What does this mean?
This means cutting red meat consumption has little benefit for lowering deaths from cardiovascular disease, stroke, myocardial infarction and type 2 diabetes. Based on these reviews, an accompanying guideline recommends that most adults should continue to eat their current levels of intake – a finding that is contrary to almost all other guidelines that exist.
A panel of 14 members, including 3 community members, from 7 countries voted on the final recommendations. Strict criteria limited the conflicts of interest among panel members. Four systematic reviews addressed the health effects associated with red meat and processed meat consumption, and one systematic review addressed people’s health-related values and preferences regarding meat consumption.
The experts say the actual reductions in risk were often trivial for people lowering their red or processed meat consumption meals, and any links between meat consumption and negative health effects were likely to be uncertain.
Based on these 5 new high-quality systematic reviews, a panel of experts recommends that most people can continue to consume red meat at their current consumption levels.
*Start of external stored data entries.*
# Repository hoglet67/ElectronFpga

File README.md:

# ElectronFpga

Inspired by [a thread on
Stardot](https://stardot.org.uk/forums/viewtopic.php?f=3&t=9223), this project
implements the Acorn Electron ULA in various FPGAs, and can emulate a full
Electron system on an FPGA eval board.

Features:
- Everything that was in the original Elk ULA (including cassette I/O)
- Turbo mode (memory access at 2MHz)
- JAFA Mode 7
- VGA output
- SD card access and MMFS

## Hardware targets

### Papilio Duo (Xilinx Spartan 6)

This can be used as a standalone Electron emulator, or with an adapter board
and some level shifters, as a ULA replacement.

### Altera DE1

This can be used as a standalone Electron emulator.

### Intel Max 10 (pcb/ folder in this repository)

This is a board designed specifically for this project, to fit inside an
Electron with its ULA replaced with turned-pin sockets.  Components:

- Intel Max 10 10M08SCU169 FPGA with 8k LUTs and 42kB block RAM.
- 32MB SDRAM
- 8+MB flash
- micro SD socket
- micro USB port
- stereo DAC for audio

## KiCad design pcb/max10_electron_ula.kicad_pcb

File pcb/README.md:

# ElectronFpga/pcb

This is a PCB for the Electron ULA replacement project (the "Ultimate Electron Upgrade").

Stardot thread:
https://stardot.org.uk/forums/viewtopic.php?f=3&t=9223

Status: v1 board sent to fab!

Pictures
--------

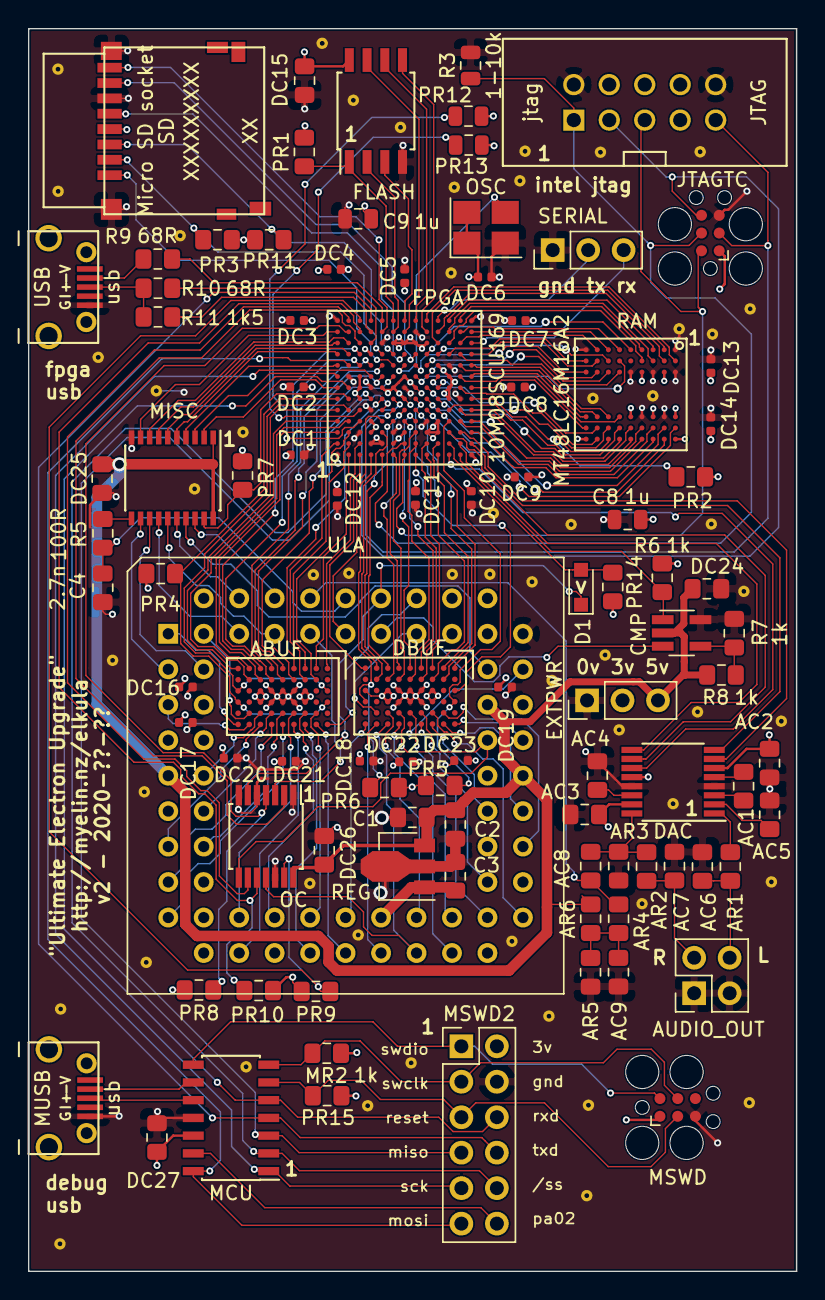
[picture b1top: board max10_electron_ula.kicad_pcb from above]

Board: 4 copper layers, 55.0 x 89.0 mm, 149 parts (0 on the bottom side), 194 nets.

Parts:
ABUF: 74LVTH162245ZRDR; ti_zrd_54_pbga
AC1, AC5: 1u; C_0805_2012Metric_Pad1.15x1.40mm_HandSolder
AC2, AC3: 4.7u; C_0805_2012Metric_Pad1.15x1.40mm_HandSolder
AC4: 2.2u; C_0805_2012Metric_Pad1.15x1.40mm_HandSolder
AC6, AC7: 2.7n NF; C_0805_2012Metric_Pad1.15x1.40mm_HandSolder
AC8, AC9: 10u; C_0805_2012Metric_Pad1.15x1.40mm_HandSolder
AR1, AR2: 560R NF; R_0805_2012Metric_Pad1.15x1.40mm_HandSolder
AR3: 10k NF; R_0805_2012Metric_Pad1.15x1.40mm_HandSolder
AR4, AR5, AR6: 10k; R_0805_2012Metric_Pad1.15x1.40mm_HandSolder
AUDIO_OUT: audio out; PinHeader_2x02_P2.54mm_Vertical
C1: 10u; C_0805_2012Metric_Pad1.15x1.40mm_HandSolder
C2, C3: 1u; C_0805_2012Metric_Pad1.15x1.40mm_HandSolder
C4: 2.7n; C_0805_2012Metric_Pad1.15x1.40mm_HandSolder
C8, C9: 1u; C_0805_2012Metric
CMP: MIC7221YM5-TR; SOT-23-5_HandSoldering
D1: BAT54; D_SOD-323_HandSoldering
DAC: WM8524CGEDT; TSSOP-16_4.4x5mm_P0.65mm
DBUF: 74LVTH162245ZRDR; ti_zrd_54_pbga
DC1, DC2, DC3, DC4, DC5, DC6, DC7, DC8, DC9, DC10, DC11, DC12, DC13, DC14, DC16, DC17, DC18, DC19, DC20, DC21, DC22, DC23: 100n; C_0402_1005Metric
DC15, DC24, DC25, DC26, DC27: 100n; C_0805_2012Metric_Pad1.15x1.40mm_HandSolder
EXTPWR: ext pwr; PinHeader_1x03_P2.54mm_Vertical
FLASH: W25Q128JVSIM; SOIJ-8_5.3x5.3mm_P1.27mm
FPGA: 10M08SCU169; intel_ubga169
JTAG: jtag; jtag_shrouded_2x5
JTAGTC: jtagtc; Tag-Connect_TC2030-IDC-FP_2x03_P1.27mm_Vertical
MCU: atsamd11c; SOIC-14_3.9x8.7mm_P1.27mm
MISC: 74HCT245PW; SSOP-20_4.4x6.5mm_P0.65mm
MR2: 1k; R_0805_2012Metric_Pad1.15x1.40mm_HandSolder
MSWD: swd; Tag-Connect_TC2030-IDC-FP_2x03_P1.27mm_Vertical
MSWD2: swd; PinHeader_2x06_P2.54mm_Vertical
MUSB: usb; micro_usb_b_smd_molex
OC: 74HCT125PW; TSSOP-14_4.4x5mm_P0.65mm
OSC: osc; Oscillator_SMD_Abracon_ASE-4Pin_3.2x2.5mm_HandSoldering
PR1, PR2, PR3, PR4, PR5, PR6, PR7, PR8, PR9, PR10, PR14, PR15: 10k; R_0805_2012Metric_Pad1.15x1.40mm_HandSolder
PR11: 10k NF; R_0805_2012Metric_Pad1.15x1.40mm_HandSolder
PR12, PR13: 10k; R_0805_2012Metric
R3: 1-10k; R_0805_2012Metric
R5: 100R; R_0805_2012Metric_Pad1.15x1.40mm_HandSolder
R6, R7, R8: 1k; R_0805_2012Metric_Pad1.15x1.40mm_HandSolder
R9, R10: 68R; R_0805_2012Metric_Pad1.15x1.40mm_HandSolder
R11: 1k5; R_0805_2012Metric_Pad1.15x1.40mm_HandSolder
RAM: MT48LC16M16A2; sdram_54tfbga
REG: AP7365-33YG-XX; SOT-89-3
SD: Micro SD socket; hirose_micro_sd_card_socket
SERIAL: fpga serial port; PinHeader_1x03_P2.54mm_Vertical
ULA: ULA header; PLCC-68_THT-Socket-Electron-ULA
USB: usb; micro_usb_b_smd_molex
staple_single1, staple_single2, staple_single3, staple_single4, staple_single5, staple_single6, staple_single7, staple_single8, staple_single9, staple_single10, staple_single11, staple_single12, staple_single13, staple_single14, staple_single15, staple_single16, staple_single17, staple_single18, staple_single19, staple_single20, staple_single21, staple_single22, staple_single23, staple_single24, staple_single25, staple_single26, staple_single27, staple_single28, staple_single29, staple_single30, staple_single31, staple_single32, staple_single33, staple_single34, staple_single35, staple_single36, staple_single37, staple_single38, staple_single39, staple_single40, staple_single41, staple_single42, staple_single43, staple_single44, staple_single45, staple_single46, staple_single47, staple_single48, staple_single49, staple_single50, staple_single51, staple_single52, staple_single53: via_single

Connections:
3V3: ABUF.C3, ABUF.C4, ABUF.G3, ABUF.G4, AC2.1, AC3.1, C3.1, C8.1, C9.1, DAC.6, DAC.12, DAC.15, DBUF.C3, DBUF.C4, DBUF.G3, DBUF.G4, DBUF.J3, DC1.1, DC2.1, DC3.1, DC4.1, DC5.1, DC6.1, DC7.1, DC8.1, DC9.1, DC10.1, DC11.1, DC12.1, DC13.1, DC14.1, DC15.1, DC16.2, DC17.2, DC18.2, DC19.2, DC20.2, DC21.2, DC22.2, DC23.2, DC27.2, EXTPWR.2, FLASH.8, FPGA.C6, FPGA.C7, FPGA.C8, FPGA.D3, FPGA.D4, FPGA.D10, FPGA.E7, FPGA.F2, FPGA.F7, FPGA.F11, FPGA.G3, FPGA.G6, FPGA.G8, FPGA.G11, FPGA.H7, FPGA.H11, FPGA.J3, FPGA.J11, FPGA.K3, FPGA.K4, FPGA.K9, FPGA.L6, FPGA.L7, FPGA.L8, JTAG.4, JTAGTC.1, MCU.12, MR2.2, MSWD.1, MSWD2.2, OSC.1, OSC.4, PR1.2, PR2.2, PR3.2, PR4.2, PR5.2, PR6.2, PR7.2, PR8.2, PR9.2, PR10.2, PR11.1, PR12.2, PR13.2, PR14.1, PR15.2, R6.2, RAM.A7, RAM.A9, RAM.B3, RAM.C7, RAM.D3, RAM.E7, RAM.J9, REG.1, SD.4, ULA.6, ULA.7, ULA.8, ULA.11, ULA.16, ULA.18, ULA.19, ULA.22, ULA.29, ULA.52, ULA.53
5V: AR6.2, C1.2, C2.2, CMP.2, DC24.2, DC25.2, DC26.1, EXTPWR.3, MISC.1, MISC.20, OC.14, R8.2, REG.3, ULA.9, ULA.43, ULA.48
A0_5V: ABUF.H6, ULA.5
A1_5V: ABUF.J6, ULA.1
A2_5V: ABUF.F5, ULA.12
A3_5V: ABUF.C6, ULA.24
A4_5V: ABUF.D5, ULA.21
A5_5V: ABUF.D6, ULA.20
A6_5V: ABUF.E6, ULA.17
A7_5V: ABUF.F6, ULA.15
A8_5V: ABUF.H5, ULA.2
A9_5V: ABUF.B6, ULA.26
A10_5V: ABUF.B5, ULA.25
A11_5V: ABUF.C5, ULA.23
A12_5V: ABUF.G6, ULA.13
A13_5V: ABUF.E5, ULA.14
A14_5V: ABUF.G5, ULA.10
A15_5V: ABUF.A6, ULA.56
A_buf_DIR: ABUF.A3, ABUF.J3, FPGA.B5
A_buf_nOE: ABUF.A4, ABUF.J4, FPGA.A6, PR4.1
CAPS_LOCK_5V: OC.3, ULA.63
CAS_IN_5V: CMP.3, ULA.59
CAS_IN_divider: CMP.4, R7.2, R8.1
CAS_MO_5V: MISC.18, ULA.64
CAS_OUT_5V: MISC.17, ULA.50
D_buf_DIR: DBUF.A3, FPGA.H1
D_buf_nOE: DBUF.A4, FPGA.L4, PR5.1
GND: ABUF.D3, ABUF.D4, ABUF.E3, ABUF.E4, ABUF.F3, ABUF.F4, AC1.2, AC2.2, AC3.2, AC4.2, AC6.2, AC7.2, AC9.2, AR3.2, AR5.2, AUDIO_OUT.1, AUDIO_OUT.3, C1.1, C2.1, C3.2, C4.2, C8.2, C9.2, CMP.5, DAC.4, DAC.13, DBUF.D3, DBUF.D4, DBUF.E3, DBUF.E4, DBUF.F3, DBUF.F4, DC1.2, DC2.2, DC3.2, DC4.2, DC5.2, DC6.2, DC7.2, DC8.2, DC9.2, DC10.2, DC11.2, DC12.2, DC13.2, DC14.2, DC15.2, DC16.1, DC17.1, DC18.1, DC19.1, DC20.1, DC21.1, DC22.1, DC23.1, DC24.1, DC25.1, DC26.2, DC27.1, EXTPWR.1, FLASH.4, FPGA.A1, FPGA.A13, FPGA.B8, FPGA.C3, FPGA.D2, FPGA.D5, FPGA.D7, FPGA.E2, FPGA.E11, FPGA.F3, FPGA.G7, FPGA.H12, FPGA.J4, FPGA.L9, FPGA.M6, FPGA.N1, FPGA.N13, JTAG.2, JTAG.10, JTAGTC.5, MCU.11, MISC.10, MSWD.5, MSWD2.4, MUSB.5, OC.1, OC.5, OC.7, OC.12, OSC.2, R3.2, R7.1, RAM.A1, RAM.A3, RAM.B7, RAM.C3, RAM.D7, RAM.E3, RAM.J1, REG.2, SD.6, SD.SH1, SD.SH2, SERIAL.1, ULA.51, ULA.68, USB.5, staple_single1.1, staple_single2.1, staple_single3.1, staple_single4.1, staple_single5.1, staple_single6.1, staple_single7.1, staple_single8.1, staple_single9.1, staple_single10.1, staple_single11.1, staple_single12.1, staple_single13.1, staple_single14.1, staple_single15.1, staple_single16.1, staple_single17.1, staple_single18.1, staple_single19.1, staple_single20.1, staple_single21.1, staple_single22.1, staple_single23.1, staple_single24.1, staple_single25.1, staple_single26.1, staple_single27.1, staple_single28.1, staple_single29.1, staple_single30.1, staple_single31.1, staple_single32.1, staple_single33.1, staple_single34.1, staple_single35.1, staple_single36.1, staple_single37.1, staple_single38.1, staple_single39.1, staple_single40.1, staple_single41.1, staple_single42.1, staple_single43.1, staple_single44.1, staple_single45.1, staple_single46.1, staple_single47.1, staple_single48.1, staple_single49.1, staple_single50.1, staple_single51.1, staple_single52.1, staple_single53.1
HS_n: FPGA.B10, MISC.6
IRQ_n_in: DBUF.G1, FPGA.E1
IRQ_n_out: FPGA.C13, OC.13, PR9.1
KBD0_5V: DBUF.J6, ULA.27
KBD1_5V: DBUF.H6, ULA.28
KBD2_5V: DBUF.G5, ULA.31
KBD3_5V: DBUF.F6, ULA.32
NMI_n_in: DBUF.H2, FPGA.F4
PD0_5V: DBUF.E5, ULA.33
PD1_5V: DBUF.C5, ULA.35
PD2_5V: DBUF.D6, ULA.36
PD3_5V: DBUF.D5, ULA.38
PD4_5V: DBUF.B5, ULA.39
PD5_5V: DBUF.B6, ULA.41
PD6_5V: DBUF.C6, ULA.42
PD7_5V: DBUF.A6, ULA.45
PHI_OUT_5V: C4.1, R5.2, ULA.60
PHI_OUT_5V_prefilter: MISC.11, R5.1
ROM_n: FPGA.E4, ULA.61
RST_n_in: D1.2, FPGA.L2, PR14.2
RST_n_out: FPGA.B12, OC.4, PR8.1
RnW_5V: DBUF.F5, OC.8, ULA.46
RnW_in: DBUF.F2, FPGA.H3
RnW_nOE: FPGA.C12, OC.10, PR10.1
RnW_out: FPGA.B13, OC.9
SOUND_OUT_5V: AC8.2, AR4.1, ULA.62
USBDM: R9.1, USB.2
USBDP: R10.1, R11.1, USB.3
USB_M: FPGA.E13, R9.2
USB_P: FPGA.D11, R10.2
USB_PU: FPGA.D12, R11.2
addr0: ABUF.H1, FPGA.B4
addr1: ABUF.J1, FPGA.A5
addr2: ABUF.F2, FPGA.C9
addr3: ABUF.C1, FPGA.B3
addr4: ABUF.D2, FPGA.F8
addr5: ABUF.D1, FPGA.E6
addr6: ABUF.E1, FPGA.E8
addr7: ABUF.F1, FPGA.D9
addr8: ABUF.H2, FPGA.A4
addr9: ABUF.B1, FPGA.B1
addr10: ABUF.B2, FPGA.B2
addr11: ABUF.C2, FPGA.A2
addr12: ABUF.G1, FPGA.C10
addr13: ABUF.E2, FPGA.E9
addr14: ABUF.G2, FPGA.A3
addr15: ABUF.A1, FPGA.C2
audio_bias: AC9.1, AR4.2, AR5.1, AR6.1
audio_out_left: AC6.1, AR1.2, AUDIO_OUT.4
audio_out_right: AC7.1, AR2.2, AUDIO_OUT.2
blue: FPGA.A9, MISC.4
blue_5V: MISC.16, ULA.66
caps: FPGA.C11, OC.2
casIn: CMP.1, FPGA.M1, R6.1
casMO: FPGA.A7, MISC.2
casOut: FPGA.A8, MISC.3
clk_in: DBUF.E1, FPGA.H4
clk_in_5V: DBUF.E6, ULA.49
clk_osc: FPGA.G9, OSC.3
clk_out: FPGA.A12, MISC.9
csync: FPGA.A10, MISC.5
csync_5V: MISC.15, ULA.65
dac_bclk: DAC.9, FPGA.M2
dac_dacdat: DAC.7, FPGA.M3
dac_lrclk: DAC.8, FPGA.N2
dac_mclk: DAC.10, FPGA.L3
dac_nmute: DAC.11, FPGA.L1
dac_out_left: AR1.1, DAC.1
dac_out_right: AC8.1, AR2.1, AR3.1, DAC.16
dac_power_cpca: AC5.1, DAC.5
dac_power_cpcb: AC5.2, DAC.3
dac_power_cpvoutn: AC1.1, DAC.2
dac_power_vmid: AC4.1, DAC.14
data0: DBUF.E2, FPGA.H2
data1: DBUF.C2, FPGA.H6
data2: DBUF.D1, FPGA.G4
data3: DBUF.D2, FPGA.J2
data4: DBUF.B2, FPGA.H5
data5: DBUF.B1, FPGA.K2
data6: DBUF.C1, FPGA.J1
data7: DBUF.A1, FPGA.K1
flash_IO0: FLASH.5, FPGA.J12
flash_IO1: FLASH.2, FPGA.F12
flash_IO2: FLASH.3, FPGA.G13
flash_IO3: FLASH.7, FPGA.G12
flash_SCK: FLASH.6, FPGA.H13
flash_nCE: FLASH.1, FPGA.F13, PR1.1
fpga_CONF_DONE: FPGA.C5, PR12.1
fpga_TCK: FPGA.G2, JTAG.1, JTAGTC.4, R3.1
fpga_TDI: FPGA.F5, JTAG.9, JTAGTC.3
fpga_TDO: FPGA.F6, JTAG.3, JTAGTC.6
fpga_TMS: FPGA.G1, JTAG.5, JTAGTC.2
fpga_nSTATUS: FPGA.C4, PR13.1
green: FPGA.A11, MISC.7
green_5V: MISC.13, ULA.4
input_buf_nOE: DBUF.J4, FPGA.D1, PR6.1
kbd0: DBUF.J1, FPGA.C1
kbd1: DBUF.H1, FPGA.E3
kbd2: DBUF.G2, FPGA.G5
kbd3: DBUF.F1, FPGA.F1
mcu_MISO: FPGA.E5, MCU.3, MSWD2.7
mcu_MOSI: FPGA.B9, MCU.14, MSWD2.11
mcu_PA02: MCU.13, MSWD2.12
mcu_RESET: MCU.6, MSWD.3, MSWD2.5, PR15.1
mcu_SCK: FPGA.D8, MCU.1, MSWD2.9
mcu_SS: FPGA.D6, MCU.2, MSWD2.10
mcu_SWCLK: MCU.7, MR2.1, MSWD.4, MSWD2.3
mcu_SWDIO: MCU.8, MSWD.2, MSWD2.1
mcu_USBDM: MCU.9, MUSB.2
mcu_USBDP: MCU.10, MUSB.3
mcu_debug_RXD: FPGA.B7, MCU.5, MSWD2.6
mcu_debug_TXD: FPGA.D13, MCU.4, MSWD2.8
misc_buf_nOE: FPGA.B6, MISC.19, PR7.1
nHS_5V: MISC.14, ULA.67
nIRQ_5V: DBUF.G6, OC.11, ULA.30
nNMI_5V: DBUF.H5, ULA.57
nRESET_5V: D1.1, OC.6, ULA.58
red: FPGA.B11, MISC.8
red_5V: MISC.12, ULA.3
sd_CLK_SCK: FPGA.G10, SD.5
sd_CMD_MOSI: FPGA.F10, PR11.2, SD.3
sd_DAT0_MISO: FPGA.H10, SD.7
sd_DAT1: FPGA.E12, SD.8
sd_DAT2: FPGA.F9, SD.1
sd_DAT3_nCS: FPGA.E10, PR3.1, SD.2
sdram_A0: FPGA.M9, RAM.H7
sdram_A1: FPGA.K7, RAM.H8
sdram_A2: FPGA.N7, RAM.J8
sdram_A3: FPGA.N8, RAM.J7
sdram_A4: FPGA.H9, RAM.J3
sdram_A5: FPGA.L10, RAM.J2
sdram_A6: FPGA.J9, RAM.H3
sdram_A7: FPGA.N10, RAM.H2
sdram_A8: FPGA.M11, RAM.H1
sdram_A9: FPGA.J8, RAM.G3
sdram_A10: FPGA.M7, RAM.H9
sdram_A11: FPGA.K10, RAM.G2
sdram_A12: FPGA.N12, RAM.G1
sdram_BA0: FPGA.N9, RAM.G7
sdram_BA1: FPGA.K8, RAM.G8
sdram_CKE: FPGA.M10, RAM.F3
sdram_CLK: FPGA.H8, RAM.F2
sdram_DQ0: FPGA.J5, RAM.A8
sdram_DQ1: FPGA.K5, RAM.B9
sdram_DQ2: FPGA.J6, RAM.B8
sdram_DQ3: FPGA.N3, RAM.C9
sdram_DQ4: FPGA.M4, RAM.C8
sdram_DQ5: FPGA.N4, RAM.D9
sdram_DQ6: FPGA.K6, RAM.D8
sdram_DQ7: FPGA.M5, RAM.E9
sdram_DQ8: FPGA.J10, RAM.E1
sdram_DQ9: FPGA.L11, RAM.D2
sdram_DQ10: FPGA.M13, RAM.D1
sdram_DQ11: FPGA.L12, RAM.C2
sdram_DQ12: FPGA.L13, RAM.C1
sdram_DQ13: FPGA.K12, RAM.B2
sdram_DQ14: FPGA.K11, RAM.B1
sdram_DQ15: FPGA.J13, RAM.A2
sdram_LDQM: FPGA.N5, RAM.E8
sdram_UDQM: FPGA.M12, RAM.F1
sdram_nCAS: FPGA.M8, RAM.F7
sdram_nCS: FPGA.N6, PR2.1, RAM.G9
sdram_nRAS: FPGA.L5, RAM.F8
sdram_nWE: FPGA.J7, RAM.F9
serial_RXD: FPGA.N11, SERIAL.3
serial_TXD: FPGA.K13, SERIAL.2

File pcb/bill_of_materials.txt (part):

Identifier	Value	Description	KiCad package
DC1	100n	Capacitor 0402: 100n	Capacitor_SMD:C_0402_1005Metric
DC10	100n	Capacitor 0402: 100n	Capacitor_SMD:C_0402_1005Metric
DC11	100n	Capacitor 0402: 100n	Capacitor_SMD:C_0402_1005Metric
DC12	100n	Capacitor 0402: 100n	Capacitor_SMD:C_0402_1005Metric
DC13	100n	Capacitor 0402: 100n	Capacitor_SMD:C_0402_1005Metric
DC14	100n	Capacitor 0402: 100n	Capacitor_SMD:C_0402_1005Metric
DC16	100n	Capacitor 0402: 100n	Capacitor_SMD:C_0402_1005Metric
DC17	100n	Capacitor 0402: 100n	Capacitor_SMD:C_0402_1005Metric
DC18	100n	Capacitor 0402: 100n	Capacitor_SMD:C_0402_1005Metric
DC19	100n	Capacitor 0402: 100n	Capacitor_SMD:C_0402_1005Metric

And possibly the older guidelines stating how much red meat we should eat should be reviewed.
What the experts say
Expert responses have been mixed but there are two similar thoughts:
- Recommendations for reductions in meat intake are not actually that different from what we now consume. Australian guidelines say one serve is about 90-100g raw or uncooked red meat or 180-200g raw meat every second day. This means around 700 g raw a week which translates to three smallish steaks three times a week which is not much for some. See how your intake compares.
- This study ignores the issues of animal welfare and sustainability, which are both important factors in deciding whether to eat meat or not. For instance, consuming meat requires the killing of animals, many of which have already had miserable lives in the meat ‘industry’. What’s more, meat production also contributes to land degradation, loss of biodiversity, acid rain and deforestation. It also causes almost a fifth of all greenhouse gas emissions, at a time when climate change ravages ecosystems and livelihoods around the planet.
NOTE: The review did not compare meat eaters with those following a vegetarian diet but was designed to look at whether a reduction in red meat consumption was justified.
This is what I recommend when it comes to eating red meat.
- Red meat such as beef and lamb is valuable for its content of iron, zinc (both of which are low in the average diet), protein and vitamin B12 (low for vegans and vegetarians). If it’s grass-fed, as much of our beef is and almost all of our lamb is, then red meat contributes to our omega-3 intake, simply because we eat so little fish. Don’t ignore kangaroo, goat and venison too, and sausages made from all meat.
- Humans have eaten meat since early times and it is credited with helping us become the dominant species on the planet.
- If you eat meat, eat it with lots of vegetables and legumes (lentils, chick peas, beans). The golden rule is to fill your plate with half non-starchy vegetables, one quarter protein such as red meat and finally one quarter starchy carbohydrates like potato, rice and pasta.
- Australia has a culture of eating meat and much of our land is not suitable for cropping but it is suitable for grazing animals.
One group who should cut down
Studies from Australia show that men eat too much meat and not enough veggies and they are resistant to the ‘eat less meat’ message.
The studies also show that women and girls are already at the recommended low levels of meat but it’s the men who need to reduce – but not cut out completely and they need to eat better quality fresh meats, not hot dogs or bacon or other processed meats.
I don’t believe one needs to go vegan or cut out meat completely. One can still enjoy the benefits of vegetables without swearing off all meat.
It’s all about reducing meat consumption, saying “no” to processed meats, and boosting consumption of vegetables.
The bottom line
There’s no problem with a modest intake of meat. If you consume meat, make sure you eat it along with lots of vegetables, whole grains and legumes – which is entirely different from a meal consisting of bacon, burgers or sausages with few plant foods and a high intake of refined grain foods such as soft buns and fried chips.
Say “No” to processed meats such as salamis and bacon. I tend to view them as an early form of processing needed in the days before there was refrigeration.